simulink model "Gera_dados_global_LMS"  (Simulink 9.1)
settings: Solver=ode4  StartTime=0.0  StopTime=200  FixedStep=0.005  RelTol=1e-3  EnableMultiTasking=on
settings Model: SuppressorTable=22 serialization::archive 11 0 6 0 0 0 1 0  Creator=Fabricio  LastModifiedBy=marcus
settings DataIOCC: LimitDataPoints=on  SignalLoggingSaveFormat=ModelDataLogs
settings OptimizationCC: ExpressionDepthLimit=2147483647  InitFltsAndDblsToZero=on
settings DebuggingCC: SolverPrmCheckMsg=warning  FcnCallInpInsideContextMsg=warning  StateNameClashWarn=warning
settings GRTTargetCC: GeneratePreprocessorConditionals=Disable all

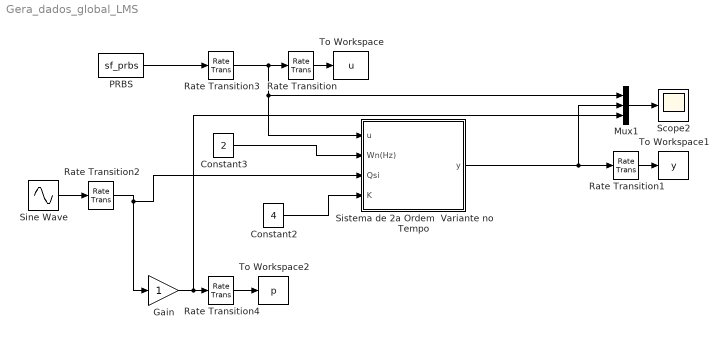
== system Gera_dados_global_LMS ==
  Constant2 : Constant  Value=4
  Constant3 : Constant  Value=2
  Gain : Gain
  Mux1 : Mux  Inputs=3
  PRBS : S-Function  FunctionName=sf_prbs  Parameters=K,N,Ts  SFunctionDeploymentMode=off  EnableBusSupport=off  mask{K=0.1, N=7, Ts=0.12}
      mask prompts: K "Ganho (K):"; N "Número de Células (usar 5, 7 ou 10):"; Ts "Tempo de amostragem (seg):"
      mask Display: disp('P R B S')
  Rate Transition{,1..3} (4 alike) : RateTransition
  Rate Transition4 : RateTransition  InitialCondition=0.05
  Scope2 : Scope
  Sine Wave : Sin  Amplitude=0.4  Bias=0.5  Frequency=0.05  SampleTime=0
  Sistema de 2a Ordem  Variante no Tempo : Subsystem
  To Workspace : ToWorkspace  VariableName=u  SampleTime=0.05
  To Workspace1 : ToWorkspace  VariableName=y  SampleTime=0.05
  To Workspace2 : ToWorkspace  VariableName=p  SampleTime=0.05
  wires:
  Rate Transition/1 -> To Workspace/1
  Rate Transition1/1 -> To Workspace1/1
  Mux1/1 -> Scope2/1
  Rate Transition3/1 -> Rate Transition/1, Sistema de 2a Ordem  Variante no Tempo/1(u), Mux1/1
  Rate Transition4/1 -> To Workspace2/1
  Gain/1 -> Mux1/3, Rate Transition4/1
  Sistema de 2a Ordem  Variante no Tempo/1(y) -> Rate Transition1/1, Mux1/2
  Sine Wave/1 -> Rate Transition2/1
  PRBS/1 -> Rate Transition3/1
  Rate Transition2/1 -> Sistema de 2a Ordem  Variante no Tempo/3(Qsi), Gain/1
  Constant2/1 -> Sistema de 2a Ordem  Variante no Tempo/4(K)
  Constant3/1 -> Sistema de 2a Ordem  Variante no Tempo/2(Wn(Hz))

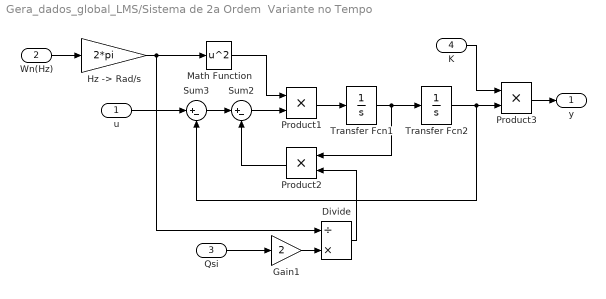
== system Gera_dados_global_LMS/Sistema de 2a Ordem  Variante no Tempo ==
  u : Inport
  Wn(Hz) : Inport  Port=2
  Qsi : Inport  Port=3
  K : Inport  Port=4
  Divide : Product  Inputs=/*
  Gain1 : Gain  Gain=2
  "Hz -> Rad/s" : Gain  Gain=2*pi
  Math Function : Math  Operator=square  SaturateOnIntegerOverflow=on
  Product1 : Product  RndMeth=Zero
  Product2 : Product  RndMeth=Zero
  Product3 : Product  RndMeth=Zero
  Sum2 : Sum  Inputs=|+-
  Sum3 : Sum  Inputs=|+-
  Transfer Fcn1 : TransferFcn  Denominator=[1 0]
  Transfer Fcn2 : TransferFcn  Denominator=[1 0]
  y : Outport
  wires:
  Product1/1 -> Transfer Fcn1/1
  Sum2/1 -> Product1/2
  Product2/1 -> Sum2/2
  Transfer Fcn1/1 -> Product2/1, Transfer Fcn2/1
  Sum3/1 -> Sum2/1
  Transfer Fcn2/1 -> Sum3/2, Product3/2
  Wn(Hz)/1 -> "Hz -> Rad/s"/1
  Math Function/1 -> Product1/1
  Qsi/1 -> Gain1/1
  Gain1/1 -> Divide/2
  Divide/1 -> Product2/2
  u/1 -> Sum3/1
  K/1 -> Product3/1
  Product3/1 -> y/1
  "Hz -> Rad/s"/1 -> Math Function/1, Divide/1

• _Activity_:
Take the entries above and return only the lines from the one with "Product1 : Product" to the one with "Qsi/1 -> Gain1/1", both included, unchanged.

• _Solution for this problem_:
  Product1 : Product  RndMeth=Zero
  Product2 : Product  RndMeth=Zero
  Product3 : Product  RndMeth=Zero
  Sum2 : Sum  Inputs=|+-
  Sum3 : Sum  Inputs=|+-
  Transfer Fcn1 : TransferFcn  Denominator=[1 0]
  Transfer Fcn2 : TransferFcn  Denominator=[1 0]
  y : Outport
  wires:
  Product1/1 -> Transfer Fcn1/1
  Sum2/1 -> Product1/2
  Product2/1 -> Sum2/2
  Transfer Fcn1/1 -> Product2/1, Transfer Fcn2/1
  Sum3/1 -> Sum2/1
  Transfer Fcn2/1 -> Sum3/2, Product3/2
  Wn(Hz)/1 -> "Hz -> Rad/s"/1
  Math Function/1 -> Product1/1
  Qsi/1 -> Gain1/1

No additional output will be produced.